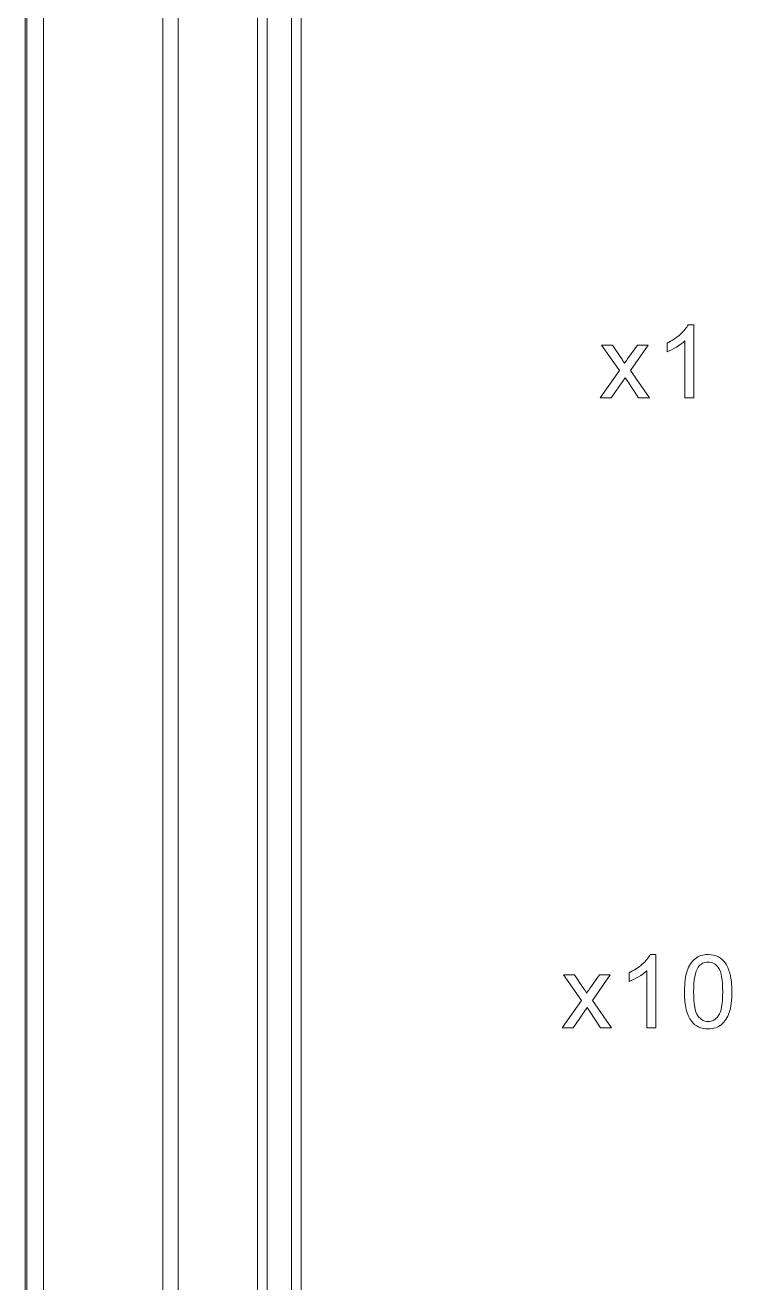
# Model space of a CAD drawing. Header units: millimetres. Extents: x 33157 to 59611, y -29750 to 1750.
# Drawn here: x 53729.31 to 53743.91, y 403.17 to 429.13 of the extents above; entities that cross this region are included whole.
import ezdxf

# ---------------------------------------------------------------- set-up
doc = ezdxf.new("R2010")
doc.units = ezdxf.units.MM
doc.layers.get('0').update_dxf_attribs({"lineweight": 18})

msp = doc.modelspace()

# ---------------------------------------------------------------- linework, layer by layer
at = {"lineweight": 9}
for p, q in [((53729.313, 478.445), (53729.313, 379.945)), ((53729.351, 477.781), (53729.351, 380.609)), ((53729.693, 477.781), (53729.693, 380.609)), ((53732.159, 473.464), (53732.159, 384.925)), ((53732.475, 473.464), (53732.475, 384.925)), ((53734.113, 473.195), (53734.113, 385.195)), ((53734.313, 473.195), (53734.313, 385.195)), ((53734.813, 473.195), (53734.813, 385.195)), ((53735.013, 473.195), (53735.013, 385.195))]:
    msp.add_line(p, q, dxfattribs=at)
for points, knots in [([(53743.126, 421.44), (53743.126, 421.44), (53742.941, 421.44), (53742.941, 421.44), (53742.941, 421.44), (53742.941, 422.617), (53742.941, 422.617), (53742.897, 422.574), (53742.838, 422.532), (53742.766, 422.489), (53742.694, 422.447), (53742.629, 422.415), (53742.572, 422.394), (53742.572, 422.394), (53742.572, 422.573), (53742.572, 422.573), (53742.675, 422.621), (53742.765, 422.68), (53742.843, 422.749), (53742.92, 422.818), (53742.975, 422.885), (53743.007, 422.95), (53743.007, 422.95), (53743.126, 422.95), (53743.126, 422.95), (53743.126, 422.95), (53743.126, 421.44), (53743.126, 421.44)], [0, 0, 0, 0, 137673.006525, 137673.006525, 137673.006525, 275346.013051, 275346.013051, 275346.013051, 413019.019576, 413019.019576, 413019.019576, 550692.026102, 550692.026102, 550692.026102, 688365.032627, 688365.032627, 688365.032627, 826038.039152, 826038.039152, 826038.039152, 963711.045678, 963711.045678, 963711.045678, 1101384.052203, 1101384.052203, 1101384.052203, 1239057.058729, 1239057.058729, 1239057.058729, 1239057.058729]), ([(53741.191, 421.44), (53741.191, 421.44), (53741.589, 422.005), (53741.589, 422.005), (53741.589, 422.005), (53741.22, 422.53), (53741.22, 422.53), (53741.22, 422.53), (53741.447, 422.53), (53741.447, 422.53), (53741.447, 422.53), (53741.62, 422.273), (53741.62, 422.273), (53741.651, 422.224), (53741.677, 422.185), (53741.694, 422.154), (53741.726, 422.198), (53741.753, 422.238), (53741.778, 422.273), (53741.778, 422.273), (53741.959, 422.53), (53741.959, 422.53), (53741.959, 422.53), (53742.185, 422.53), (53742.185, 422.53), (53742.185, 422.53), (53741.815, 422.005), (53741.815, 422.005), (53741.815, 422.005), (53742.209, 421.44), (53742.209, 421.44), (53742.209, 421.44), (53741.985, 421.44), (53741.985, 421.44), (53741.985, 421.44), (53741.759, 421.776), (53741.759, 421.776), (53741.759, 421.776), (53741.708, 421.857), (53741.708, 421.857), (53741.708, 421.857), (53741.417, 421.44), (53741.417, 421.44), (53741.417, 421.44), (53741.191, 421.44), (53741.191, 421.44)], [0, 0, 0, 0, 134295.423356, 134295.423356, 134295.423356, 268590.846712, 268590.846712, 268590.846712, 402886.270069, 402886.270069, 402886.270069, 537181.693425, 537181.693425, 537181.693425, 671477.116781, 671477.116781, 671477.116781, 805772.540137, 805772.540137, 805772.540137, 940067.963494, 940067.963494, 940067.963494, 1074363.38685, 1074363.38685, 1074363.38685, 1208658.810206, 1208658.810206, 1208658.810206, 1342954.233562, 1342954.233562, 1342954.233562, 1477249.656919, 1477249.656919, 1477249.656919, 1611545.080275, 1611545.080275, 1611545.080275, 1745840.503631, 1745840.503631, 1745840.503631, 1880135.926987, 1880135.926987, 1880135.926987, 2014431.350344, 2014431.350344, 2014431.350344, 2014431.350344]), ([(53742.341, 408.44), (53742.341, 408.44), (53742.156, 408.44), (53742.156, 408.44), (53742.156, 408.44), (53742.156, 409.617), (53742.156, 409.617), (53742.112, 409.574), (53742.053, 409.532), (53741.981, 409.489), (53741.909, 409.447), (53741.844, 409.415), (53741.787, 409.394), (53741.787, 409.394), (53741.787, 409.573), (53741.787, 409.573), (53741.89, 409.621), (53741.98, 409.68), (53742.058, 409.749), (53742.135, 409.818), (53742.19, 409.885), (53742.222, 409.95), (53742.222, 409.95), (53742.341, 409.95), (53742.341, 409.95), (53742.341, 409.95), (53742.341, 408.44), (53742.341, 408.44)], [0, 0, 0, 0, 137686.799369, 137686.799369, 137686.799369, 275373.598738, 275373.598738, 275373.598738, 413060.398107, 413060.398107, 413060.398107, 550747.197477, 550747.197477, 550747.197477, 688433.996846, 688433.996846, 688433.996846, 826120.796215, 826120.796215, 826120.796215, 963807.595584, 963807.595584, 963807.595584, 1101494.394953, 1101494.394953, 1101494.394953, 1239181.194322, 1239181.194322, 1239181.194322, 1239181.194322]), ([(53742.933, 409.182), (53742.933, 409.359), (53742.951, 409.503), (53742.987, 409.611), (53743.024, 409.72), (53743.078, 409.804), (53743.15, 409.862), (53743.222, 409.921), (53743.313, 409.95), (53743.422, 409.95), (53743.502, 409.95), (53743.573, 409.934), (53743.634, 409.901), (53743.695, 409.868), (53743.746, 409.822), (53743.785, 409.76), (53743.824, 409.7), (53743.855, 409.625), (53743.877, 409.537), (53743.9, 409.449), (53743.911, 409.331), (53743.911, 409.182), (53743.911, 409.006), (53743.893, 408.863), (53743.857, 408.755), (53743.821, 408.646), (53743.767, 408.562), (53743.694, 408.503), (53743.623, 408.445), (53743.532, 408.415), (53743.422, 408.415), (53743.277, 408.415), (53743.164, 408.467), (53743.081, 408.57), (53742.982, 408.696), (53742.933, 408.9), (53742.933, 409.182)], [0, 0, 0, 0, 135564.806253, 135564.806253, 135564.806253, 271129.612506, 271129.612506, 271129.612506, 406694.418759, 406694.418759, 406694.418759, 542259.225012, 542259.225012, 542259.225012, 677824.031265, 677824.031265, 677824.031265, 813388.837518, 813388.837518, 813388.837518, 948953.643771, 948953.643771, 948953.643771, 1084518.450024, 1084518.450024, 1084518.450024, 1220083.256277, 1220083.256277, 1220083.256277, 1355648.06253, 1355648.06253, 1355648.06253, 1491212.868783, 1491212.868783, 1491212.868783, 1626777.675035, 1626777.675035, 1626777.675035, 1626777.675035]), ([(53743.122, 409.181), (53743.122, 408.934), (53743.15, 408.77), (53743.208, 408.688), (53743.266, 408.607), (53743.337, 408.566), (53743.422, 408.566), (53743.507, 408.566), (53743.578, 408.607), (53743.636, 408.689), (53743.693, 408.771), (53743.722, 408.935), (53743.722, 409.181), (53743.722, 409.429), (53743.693, 409.593), (53743.636, 409.674), (53743.578, 409.756), (53743.506, 409.796), (53743.42, 409.796), (53743.335, 409.796), (53743.267, 409.76), (53743.216, 409.689), (53743.153, 409.597), (53743.122, 409.428), (53743.122, 409.181)], [0, 0, 0, 0, 138720.230421, 138720.230421, 138720.230421, 277440.460842, 277440.460842, 277440.460842, 416160.691262, 416160.691262, 416160.691262, 554880.921683, 554880.921683, 554880.921683, 693601.152104, 693601.152104, 693601.152104, 832321.382525, 832321.382525, 832321.382525, 971041.612945, 971041.612945, 971041.612945, 1109761.843366, 1109761.843366, 1109761.843366, 1109761.843366]), ([(53740.406, 408.44), (53740.406, 408.44), (53740.804, 409.005), (53740.804, 409.005), (53740.804, 409.005), (53740.435, 409.53), (53740.435, 409.53), (53740.435, 409.53), (53740.662, 409.53), (53740.662, 409.53), (53740.662, 409.53), (53740.835, 409.273), (53740.835, 409.273), (53740.867, 409.224), (53740.892, 409.185), (53740.91, 409.154), (53740.941, 409.198), (53740.968, 409.238), (53740.993, 409.273), (53740.993, 409.273), (53741.174, 409.53), (53741.174, 409.53), (53741.174, 409.53), (53741.4, 409.53), (53741.4, 409.53), (53741.4, 409.53), (53741.03, 409.005), (53741.03, 409.005), (53741.03, 409.005), (53741.424, 408.44), (53741.424, 408.44), (53741.424, 408.44), (53741.2, 408.44), (53741.2, 408.44), (53741.2, 408.44), (53740.974, 408.776), (53740.974, 408.776), (53740.974, 408.776), (53740.923, 408.857), (53740.923, 408.857), (53740.923, 408.857), (53740.632, 408.44), (53740.632, 408.44), (53740.632, 408.44), (53740.406, 408.44), (53740.406, 408.44)], [0, 0, 0, 0, 134309.149204, 134309.149204, 134309.149204, 268618.298408, 268618.298408, 268618.298408, 402927.447612, 402927.447612, 402927.447612, 537236.596816, 537236.596816, 537236.596816, 671545.74602, 671545.74602, 671545.74602, 805854.895224, 805854.895224, 805854.895224, 940164.044428, 940164.044428, 940164.044428, 1074473.193632, 1074473.193632, 1074473.193632, 1208782.342836, 1208782.342836, 1208782.342836, 1343091.49204, 1343091.49204, 1343091.49204, 1477400.641245, 1477400.641245, 1477400.641245, 1611709.790449, 1611709.790449, 1611709.790449, 1746018.939653, 1746018.939653, 1746018.939653, 1880328.088857, 1880328.088857, 1880328.088857, 2014637.238061, 2014637.238061, 2014637.238061, 2014637.238061])]:
    msp.add_open_spline(points, degree=3, knots=knots)

doc.saveas('drawing.dxf')

• What you need to do
Take every line in the preceding listing that contains "drawing" and copy it.

• Final answer
# Model space of a CAD drawing. Header units: millimetres. Extents: x 33157 to 59611, y -29750 to 1750.
doc.saveas('drawing.dxf')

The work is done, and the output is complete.